How about just train hard naturally and use legal supplements which help.

----------


## *RAGE*

anadrol get my vote....

did not read all the responses

----------


## uponone23

I train to fight 5 days a week now and cut out weights except in my circuits. I've been having some success with prop and eq.. I'm sure everyone knows eq's propensity for upping the RBC count in the blood. Swimmers get busted on masteron pretty often.. I know the properties of masteron as far as the "look" body builders use it to achieve but I don't know if aids their cardio. 

I mainly use the prop and eq combo when I'm doing a ton of heavy banging. It seems to keep some weight on me while I'm busting ass in rounds and I don't seem to experience any loss of my cardio capacity. 
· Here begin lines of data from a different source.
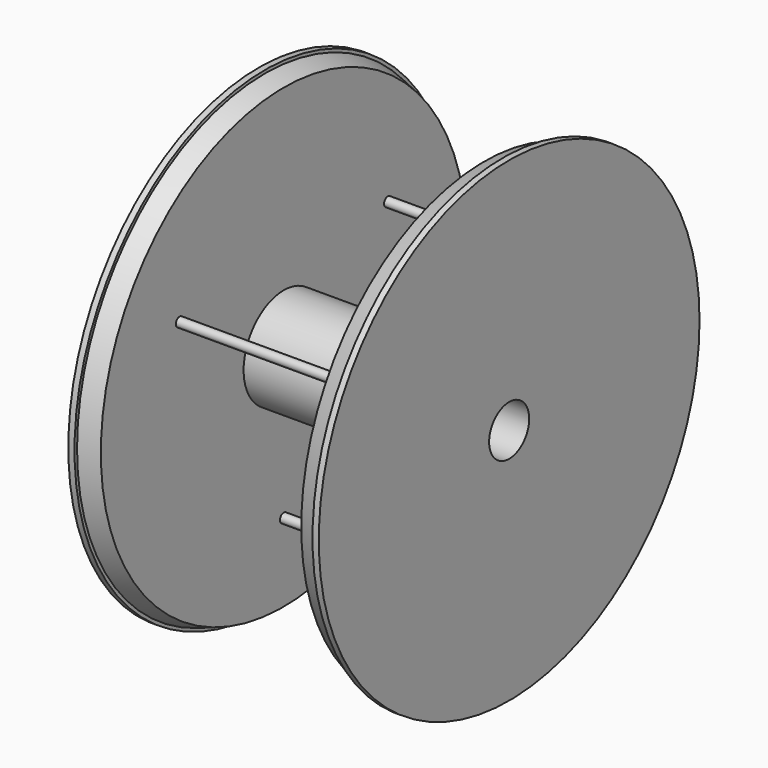
from build123d import *

# Parameters (mm, degrees)
F0_R      = 120.65
F1_DEPTH  = 3.175
F2_R      = 119.0625
F3_DEPTH  = 9.525
F4_SIZE2  = 9.52499
F4_SIZE   = 3.17499
F5_R      = 2.38125
F6_DEPTH  = 101.6
F7_R      = 119.0625
F8_DEPTH  = 9.525
F9_R      = 120.65
F10_DEPTH = 3.175
F11_SIZE2 = 3.17499
F11_SIZE  = 9.52499
F12_R     = 12.7
F13_DEPTH = 127.001


# Not quite as in the source:
# - a fillet or chamfer is up to 0.001 mm smaller than in the source, because OpenCascade refuses the exact size


with BuildPart() as f1:
    # F0 (on Right) → F1 (new body)
    with BuildSketch(Plane.YZ):
        Circle(F0_R)
    extrude(amount=F1_DEPTH)

    # F2 (on face) → F3 (join)
    with BuildSketch(Plane.YZ.offset(3.175)):
        Circle(F2_R)
    extrude(amount=F3_DEPTH)

    # F4 (size 3.175 and 9.525 in the source; OpenCascade refuses exactly that, so slightly less here)
    f4_edges = [f1.edges().sort_by_distance(p)[0] for p in [
        (12.7, -119.0625, 0),
    ]]
    f4_side = f1.faces().sort_by_distance((12.7, 0, 0))[0]
    chamfer(f4_edges, length=F4_SIZE, length2=F4_SIZE2, reference=f4_side)

    # F5 (on face) → F6 (join)
    with BuildSketch(Plane.YZ.offset(12.7)):
        with BuildLine():
            ThreePointArc((21.1539941395, 14.0594641416), (-24.3153393061, -7.3433149482), (25.4, 0))
            ThreePointArc((25.4, 0), (24.3153393061, 7.3433149482), (21.1539941395, 14.0594641416))
        make_face()
        with Locations((0, -76.2)):
            Circle(F5_R)
        with Locations((65.9911357684, 38.1)):
            Circle(F5_R)
        with Locations((-65.9911357684, 38.1)):
            Circle(F5_R)
    extrude(amount=F6_DEPTH)

    # F7 (on face) → F8 (join)
    with BuildSketch(Plane.YZ.offset(114.3)):
        Circle(F7_R)
    extrude(amount=F8_DEPTH)

    # F9 (on face) → F10 (join)
    with BuildSketch(Plane.YZ.offset(123.825)):
        Circle(F9_R)
    extrude(amount=F10_DEPTH)

    # F11 (size 9.525 and 3.175 in the source; OpenCascade refuses exactly that, so slightly less here)
    f11_edges = [f1.edges().sort_by_distance(p)[0] for p in [
        (114.3, -119.0625, 0),
    ]]
    f11_side = f1.faces().sort_by_distance((119.0625, -119.0625, 0))[0]
    chamfer(f11_edges, length=F11_SIZE, length2=F11_SIZE2, reference=f11_side)

    # F12 (on face) → F13 (cut, through all)
    with BuildSketch(Plane.YZ.offset(127)):
        Circle(F12_R)
    extrude(amount=-F13_DEPTH, mode=Mode.SUBTRACT)


solid = f1.part
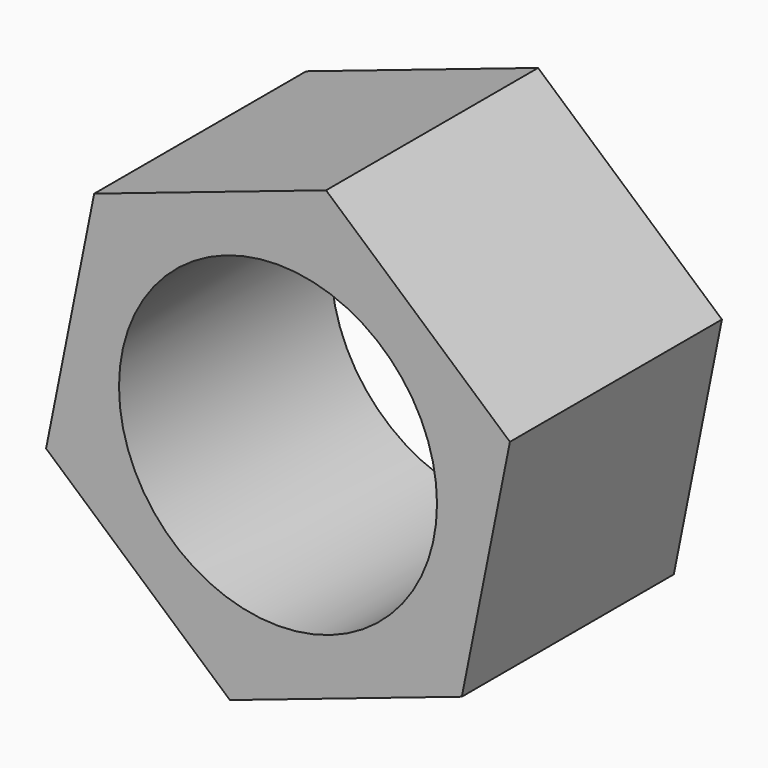
from build123d import *

# Parameters (mm, degrees)
F0_R     = 6
F1_DEPTH = 10


# Not quite as in the source:
# - the program builds the solid bodies; features that only make, move or delete a surface that nothing else refers to are left out


with BuildPart() as f1:
    # F0 (on Front) → F1 (new body)
    with BuildSketch(Plane.XZ):
        Polygon((-16.8017068945, -5.2552340917), (-8.0502918376, -2.2978589318), (-6.2357463262, 6.7597764064), (-13.1726158716, 12.8600365847), (-21.9240309284, 9.9026614248), (-23.7385764399, 0.8450260866), align=None)
        with Locations((-14.987161383, 3.8024012465)):
            Circle(F0_R, mode=Mode.SUBTRACT)
    extrude(amount=F1_DEPTH)


solid = f1.part

And yes I agree. It is good to take time off from banging. I take 3 months or so off a year to do nothing but lift weights and run a mass cycle. I am around 190 and 5'9'' I am just uncomfortable losing so much weight in training that I would be walking around at 170 and fighting at 155. Which is what would happen sans the steroids . I am not a pro and never intend to be a pro so there is some amount of vanity left in my decision where as if I were trying to fight pro I would want to be as light as was humanly possible.

----------


## meathead320

> I train to fight 5 days a week now and cut out weights except in my circuits. I've been having some success with prop and eq.. I'm sure everyone knows eq's propensity for upping the RBC count in the blood. Swimmers get busted on masteron pretty often.. I know the properties of masteron as far as the "look" body builders use it to achieve but I don't know if aids their cardio. 
> 
> I mainly use the prop and eq combo when I'm doing a ton of heavy banging. It seems to keep some weight on me while I'm busting ass in rounds and I don't seem to experience any loss of my cardio capacity. 
> 
> And yes I agree. It is good to take time off from banging. I take 3 months or so off a year to do nothing but lift weights and run a mass cycle. I am around 190 and 5'9'' I am just uncomfortable losing so much weight in training that I would be walking around at 170 and fighting at 155. Which is what would happen sans the steroids. I am not a pro and never intend to be a pro so there is some amount of vanity left in my decision where as if I were trying to fight pro I would want to be as light as was humanly possible.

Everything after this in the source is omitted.